_To do_: Could you filter the material and copy every line where the word "ASSY" occurs?

----------

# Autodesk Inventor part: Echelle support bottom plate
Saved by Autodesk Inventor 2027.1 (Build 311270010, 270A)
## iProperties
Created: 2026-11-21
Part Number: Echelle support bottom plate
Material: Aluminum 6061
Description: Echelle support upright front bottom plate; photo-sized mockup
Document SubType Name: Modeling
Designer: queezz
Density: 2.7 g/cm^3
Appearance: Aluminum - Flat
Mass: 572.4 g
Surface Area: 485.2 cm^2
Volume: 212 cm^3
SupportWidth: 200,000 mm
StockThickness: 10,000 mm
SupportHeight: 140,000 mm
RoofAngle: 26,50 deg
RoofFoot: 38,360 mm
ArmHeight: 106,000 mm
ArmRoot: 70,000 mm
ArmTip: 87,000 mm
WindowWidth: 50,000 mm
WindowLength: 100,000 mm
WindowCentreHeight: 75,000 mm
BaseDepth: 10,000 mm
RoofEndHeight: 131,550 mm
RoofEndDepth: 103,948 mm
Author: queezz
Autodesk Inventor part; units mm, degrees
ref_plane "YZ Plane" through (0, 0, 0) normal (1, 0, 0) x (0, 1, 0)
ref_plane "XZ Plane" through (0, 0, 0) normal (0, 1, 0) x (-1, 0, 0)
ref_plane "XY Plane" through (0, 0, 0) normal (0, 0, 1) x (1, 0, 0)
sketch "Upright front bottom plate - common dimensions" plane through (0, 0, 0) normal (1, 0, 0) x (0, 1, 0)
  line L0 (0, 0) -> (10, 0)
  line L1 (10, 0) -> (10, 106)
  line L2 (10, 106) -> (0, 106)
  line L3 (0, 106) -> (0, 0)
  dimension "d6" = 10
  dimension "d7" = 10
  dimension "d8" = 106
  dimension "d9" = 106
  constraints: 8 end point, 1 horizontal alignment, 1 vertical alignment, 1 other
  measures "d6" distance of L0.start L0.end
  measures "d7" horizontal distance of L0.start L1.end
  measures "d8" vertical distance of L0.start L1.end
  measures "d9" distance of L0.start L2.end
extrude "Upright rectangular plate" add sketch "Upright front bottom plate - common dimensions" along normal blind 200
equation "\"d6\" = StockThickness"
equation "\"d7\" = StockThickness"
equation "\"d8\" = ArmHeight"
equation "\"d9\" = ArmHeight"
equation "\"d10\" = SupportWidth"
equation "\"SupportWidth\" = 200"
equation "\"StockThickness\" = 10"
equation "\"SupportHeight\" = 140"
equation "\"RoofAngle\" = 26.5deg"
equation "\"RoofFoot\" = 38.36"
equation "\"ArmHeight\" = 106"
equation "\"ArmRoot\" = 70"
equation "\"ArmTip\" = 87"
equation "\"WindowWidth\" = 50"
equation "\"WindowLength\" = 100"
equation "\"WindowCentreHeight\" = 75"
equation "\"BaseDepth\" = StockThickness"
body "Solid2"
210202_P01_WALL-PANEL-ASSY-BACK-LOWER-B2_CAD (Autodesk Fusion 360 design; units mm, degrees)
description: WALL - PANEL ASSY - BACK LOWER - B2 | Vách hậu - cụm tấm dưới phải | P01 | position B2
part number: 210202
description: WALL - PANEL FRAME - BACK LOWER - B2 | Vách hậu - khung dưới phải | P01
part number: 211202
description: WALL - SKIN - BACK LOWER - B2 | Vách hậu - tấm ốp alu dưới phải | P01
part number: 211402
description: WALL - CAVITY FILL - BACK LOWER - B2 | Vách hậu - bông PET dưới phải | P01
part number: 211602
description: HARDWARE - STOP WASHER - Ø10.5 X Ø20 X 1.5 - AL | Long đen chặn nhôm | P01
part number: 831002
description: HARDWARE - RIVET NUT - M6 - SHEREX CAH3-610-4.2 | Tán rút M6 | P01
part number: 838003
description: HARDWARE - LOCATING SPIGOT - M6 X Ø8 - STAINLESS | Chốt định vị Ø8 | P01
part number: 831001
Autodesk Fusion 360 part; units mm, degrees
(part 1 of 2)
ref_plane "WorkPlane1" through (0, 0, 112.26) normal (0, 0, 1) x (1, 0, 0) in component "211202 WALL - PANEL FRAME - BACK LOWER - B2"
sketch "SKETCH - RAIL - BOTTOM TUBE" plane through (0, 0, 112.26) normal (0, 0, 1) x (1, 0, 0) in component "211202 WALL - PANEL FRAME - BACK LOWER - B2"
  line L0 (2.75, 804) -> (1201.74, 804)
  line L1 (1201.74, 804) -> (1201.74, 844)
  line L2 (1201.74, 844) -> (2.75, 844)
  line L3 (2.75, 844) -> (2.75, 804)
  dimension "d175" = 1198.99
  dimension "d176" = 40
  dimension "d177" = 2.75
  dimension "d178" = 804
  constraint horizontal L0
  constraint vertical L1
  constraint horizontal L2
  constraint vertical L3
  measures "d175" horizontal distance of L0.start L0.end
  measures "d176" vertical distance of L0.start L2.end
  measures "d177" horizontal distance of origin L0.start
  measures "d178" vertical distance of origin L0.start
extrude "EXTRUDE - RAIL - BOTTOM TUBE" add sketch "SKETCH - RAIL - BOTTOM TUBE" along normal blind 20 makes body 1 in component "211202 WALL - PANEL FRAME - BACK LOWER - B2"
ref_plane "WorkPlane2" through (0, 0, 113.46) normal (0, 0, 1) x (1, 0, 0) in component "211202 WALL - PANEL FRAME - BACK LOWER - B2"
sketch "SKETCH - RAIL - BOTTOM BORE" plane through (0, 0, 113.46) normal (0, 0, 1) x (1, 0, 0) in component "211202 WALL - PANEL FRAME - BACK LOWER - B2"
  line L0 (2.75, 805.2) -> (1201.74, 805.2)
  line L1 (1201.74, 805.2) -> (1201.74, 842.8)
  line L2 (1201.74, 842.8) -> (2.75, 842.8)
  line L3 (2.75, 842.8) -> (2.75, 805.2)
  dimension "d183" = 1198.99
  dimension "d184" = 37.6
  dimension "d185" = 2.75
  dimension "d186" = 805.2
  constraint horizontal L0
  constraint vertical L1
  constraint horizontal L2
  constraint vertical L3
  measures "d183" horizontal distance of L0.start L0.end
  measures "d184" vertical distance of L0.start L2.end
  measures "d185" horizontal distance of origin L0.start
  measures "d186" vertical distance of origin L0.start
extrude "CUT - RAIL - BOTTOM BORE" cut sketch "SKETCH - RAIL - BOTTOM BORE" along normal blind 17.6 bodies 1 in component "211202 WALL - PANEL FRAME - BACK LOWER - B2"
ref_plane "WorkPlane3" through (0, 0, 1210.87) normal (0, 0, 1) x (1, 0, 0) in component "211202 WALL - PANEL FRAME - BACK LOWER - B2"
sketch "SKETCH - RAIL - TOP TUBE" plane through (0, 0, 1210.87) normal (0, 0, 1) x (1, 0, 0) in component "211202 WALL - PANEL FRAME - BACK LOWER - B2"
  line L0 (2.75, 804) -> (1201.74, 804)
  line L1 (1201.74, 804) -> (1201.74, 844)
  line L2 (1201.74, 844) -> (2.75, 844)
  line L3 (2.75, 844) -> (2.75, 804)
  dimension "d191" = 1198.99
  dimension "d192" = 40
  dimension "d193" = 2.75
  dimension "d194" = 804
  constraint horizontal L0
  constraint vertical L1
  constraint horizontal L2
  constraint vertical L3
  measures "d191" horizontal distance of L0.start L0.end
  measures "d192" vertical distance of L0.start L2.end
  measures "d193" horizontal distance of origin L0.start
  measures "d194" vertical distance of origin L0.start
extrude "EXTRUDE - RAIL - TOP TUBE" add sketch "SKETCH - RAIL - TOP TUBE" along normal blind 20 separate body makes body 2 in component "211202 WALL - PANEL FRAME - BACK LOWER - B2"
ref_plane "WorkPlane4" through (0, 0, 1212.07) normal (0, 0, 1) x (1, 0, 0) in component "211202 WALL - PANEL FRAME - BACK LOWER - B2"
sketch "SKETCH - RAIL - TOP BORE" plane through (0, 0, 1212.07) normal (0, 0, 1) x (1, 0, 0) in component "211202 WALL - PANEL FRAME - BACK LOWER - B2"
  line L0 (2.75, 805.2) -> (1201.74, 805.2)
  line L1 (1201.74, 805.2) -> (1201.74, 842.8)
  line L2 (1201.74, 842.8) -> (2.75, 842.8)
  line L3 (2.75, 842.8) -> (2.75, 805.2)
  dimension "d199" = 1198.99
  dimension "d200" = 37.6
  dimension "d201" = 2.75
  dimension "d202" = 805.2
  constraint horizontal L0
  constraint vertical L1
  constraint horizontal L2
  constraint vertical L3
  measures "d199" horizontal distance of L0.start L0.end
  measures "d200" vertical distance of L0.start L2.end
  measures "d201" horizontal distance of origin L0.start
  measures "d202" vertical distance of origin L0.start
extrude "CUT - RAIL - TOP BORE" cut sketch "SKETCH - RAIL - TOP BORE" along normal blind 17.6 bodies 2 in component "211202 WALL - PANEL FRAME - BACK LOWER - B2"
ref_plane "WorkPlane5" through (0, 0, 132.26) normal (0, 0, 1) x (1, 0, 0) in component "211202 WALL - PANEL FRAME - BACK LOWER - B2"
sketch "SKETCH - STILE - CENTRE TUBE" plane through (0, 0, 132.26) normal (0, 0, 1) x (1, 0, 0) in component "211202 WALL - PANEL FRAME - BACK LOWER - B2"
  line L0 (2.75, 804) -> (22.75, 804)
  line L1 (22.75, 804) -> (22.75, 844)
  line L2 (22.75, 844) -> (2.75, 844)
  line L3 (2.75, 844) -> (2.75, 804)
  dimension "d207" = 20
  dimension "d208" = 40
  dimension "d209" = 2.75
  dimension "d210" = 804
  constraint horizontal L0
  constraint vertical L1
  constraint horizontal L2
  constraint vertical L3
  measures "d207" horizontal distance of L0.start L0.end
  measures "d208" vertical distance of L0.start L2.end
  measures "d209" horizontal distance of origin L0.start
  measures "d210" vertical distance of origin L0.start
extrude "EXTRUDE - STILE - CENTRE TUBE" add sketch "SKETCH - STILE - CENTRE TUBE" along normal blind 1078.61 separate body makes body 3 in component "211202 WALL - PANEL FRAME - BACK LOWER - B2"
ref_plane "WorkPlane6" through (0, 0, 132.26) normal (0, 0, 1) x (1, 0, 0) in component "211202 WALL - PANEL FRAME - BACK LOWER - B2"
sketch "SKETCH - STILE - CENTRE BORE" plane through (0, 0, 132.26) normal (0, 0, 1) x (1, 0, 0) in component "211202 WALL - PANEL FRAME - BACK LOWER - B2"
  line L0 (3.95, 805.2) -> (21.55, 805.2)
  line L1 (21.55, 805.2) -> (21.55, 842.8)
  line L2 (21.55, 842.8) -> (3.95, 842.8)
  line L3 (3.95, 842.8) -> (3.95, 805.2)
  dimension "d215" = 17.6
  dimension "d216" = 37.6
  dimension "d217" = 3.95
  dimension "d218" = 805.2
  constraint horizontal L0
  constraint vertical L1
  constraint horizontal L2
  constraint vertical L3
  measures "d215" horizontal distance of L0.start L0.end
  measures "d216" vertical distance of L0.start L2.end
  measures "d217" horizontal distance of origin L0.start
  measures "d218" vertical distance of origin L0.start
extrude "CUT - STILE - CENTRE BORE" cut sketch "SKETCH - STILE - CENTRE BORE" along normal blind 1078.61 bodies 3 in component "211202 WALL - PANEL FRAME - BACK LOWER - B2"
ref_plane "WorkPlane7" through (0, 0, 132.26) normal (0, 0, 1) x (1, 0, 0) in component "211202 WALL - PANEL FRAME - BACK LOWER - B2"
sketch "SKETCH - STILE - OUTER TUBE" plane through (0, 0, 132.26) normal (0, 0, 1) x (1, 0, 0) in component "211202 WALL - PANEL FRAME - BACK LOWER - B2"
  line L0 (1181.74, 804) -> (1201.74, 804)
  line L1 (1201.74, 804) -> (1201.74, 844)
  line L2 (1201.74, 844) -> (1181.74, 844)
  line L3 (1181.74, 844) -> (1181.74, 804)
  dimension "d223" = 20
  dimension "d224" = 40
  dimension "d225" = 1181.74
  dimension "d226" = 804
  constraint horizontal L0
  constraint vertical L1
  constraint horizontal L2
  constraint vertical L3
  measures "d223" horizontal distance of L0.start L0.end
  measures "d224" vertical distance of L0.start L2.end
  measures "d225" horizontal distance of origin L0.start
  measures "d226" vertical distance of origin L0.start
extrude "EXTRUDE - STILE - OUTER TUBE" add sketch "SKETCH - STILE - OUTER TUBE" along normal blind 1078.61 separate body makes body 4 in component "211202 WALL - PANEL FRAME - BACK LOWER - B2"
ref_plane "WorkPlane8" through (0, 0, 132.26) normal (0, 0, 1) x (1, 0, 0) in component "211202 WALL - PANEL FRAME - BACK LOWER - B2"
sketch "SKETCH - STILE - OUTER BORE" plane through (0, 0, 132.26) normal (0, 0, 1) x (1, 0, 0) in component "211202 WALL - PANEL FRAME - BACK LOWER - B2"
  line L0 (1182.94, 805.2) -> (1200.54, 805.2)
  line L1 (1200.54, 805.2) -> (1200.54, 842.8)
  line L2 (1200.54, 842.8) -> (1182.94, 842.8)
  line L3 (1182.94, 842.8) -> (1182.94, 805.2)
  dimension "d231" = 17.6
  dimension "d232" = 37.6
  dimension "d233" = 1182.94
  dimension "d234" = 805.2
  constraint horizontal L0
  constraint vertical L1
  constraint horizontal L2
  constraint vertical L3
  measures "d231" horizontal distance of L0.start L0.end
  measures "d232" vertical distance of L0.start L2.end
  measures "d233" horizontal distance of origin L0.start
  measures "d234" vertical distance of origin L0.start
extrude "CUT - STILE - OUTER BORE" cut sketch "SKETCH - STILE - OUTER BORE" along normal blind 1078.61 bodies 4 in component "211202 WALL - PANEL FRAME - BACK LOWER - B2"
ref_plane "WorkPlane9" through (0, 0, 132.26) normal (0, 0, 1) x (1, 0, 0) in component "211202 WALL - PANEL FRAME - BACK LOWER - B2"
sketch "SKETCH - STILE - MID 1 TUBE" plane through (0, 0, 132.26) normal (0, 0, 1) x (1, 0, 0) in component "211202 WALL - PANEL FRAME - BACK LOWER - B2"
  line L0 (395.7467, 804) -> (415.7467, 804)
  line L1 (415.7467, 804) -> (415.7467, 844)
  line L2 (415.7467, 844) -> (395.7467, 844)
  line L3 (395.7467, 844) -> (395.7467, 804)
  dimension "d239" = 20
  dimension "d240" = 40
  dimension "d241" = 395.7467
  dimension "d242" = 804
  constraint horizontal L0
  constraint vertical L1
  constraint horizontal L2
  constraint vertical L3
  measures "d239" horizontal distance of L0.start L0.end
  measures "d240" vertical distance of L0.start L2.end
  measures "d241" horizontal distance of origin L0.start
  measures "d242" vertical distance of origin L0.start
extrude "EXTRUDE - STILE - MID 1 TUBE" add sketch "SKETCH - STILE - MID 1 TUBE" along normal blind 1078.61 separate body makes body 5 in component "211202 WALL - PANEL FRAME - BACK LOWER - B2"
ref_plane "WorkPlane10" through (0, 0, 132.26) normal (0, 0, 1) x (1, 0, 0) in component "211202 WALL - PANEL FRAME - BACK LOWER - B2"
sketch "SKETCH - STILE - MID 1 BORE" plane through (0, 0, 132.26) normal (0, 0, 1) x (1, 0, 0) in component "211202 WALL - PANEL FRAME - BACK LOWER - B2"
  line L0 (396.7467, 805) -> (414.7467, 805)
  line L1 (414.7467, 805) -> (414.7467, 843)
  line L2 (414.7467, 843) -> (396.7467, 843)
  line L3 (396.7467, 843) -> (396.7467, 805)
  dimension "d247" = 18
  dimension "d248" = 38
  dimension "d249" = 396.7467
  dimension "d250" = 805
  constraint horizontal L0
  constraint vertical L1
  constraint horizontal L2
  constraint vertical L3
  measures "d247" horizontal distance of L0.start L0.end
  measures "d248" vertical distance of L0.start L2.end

----------

_Expected answer_:
210202_P01_WALL-PANEL-ASSY-BACK-LOWER-B2_CAD (Autodesk Fusion 360 design; units mm, degrees)
description: WALL - PANEL ASSY - BACK LOWER - B2 | Vách hậu - cụm tấm dưới phải | P01 | position B2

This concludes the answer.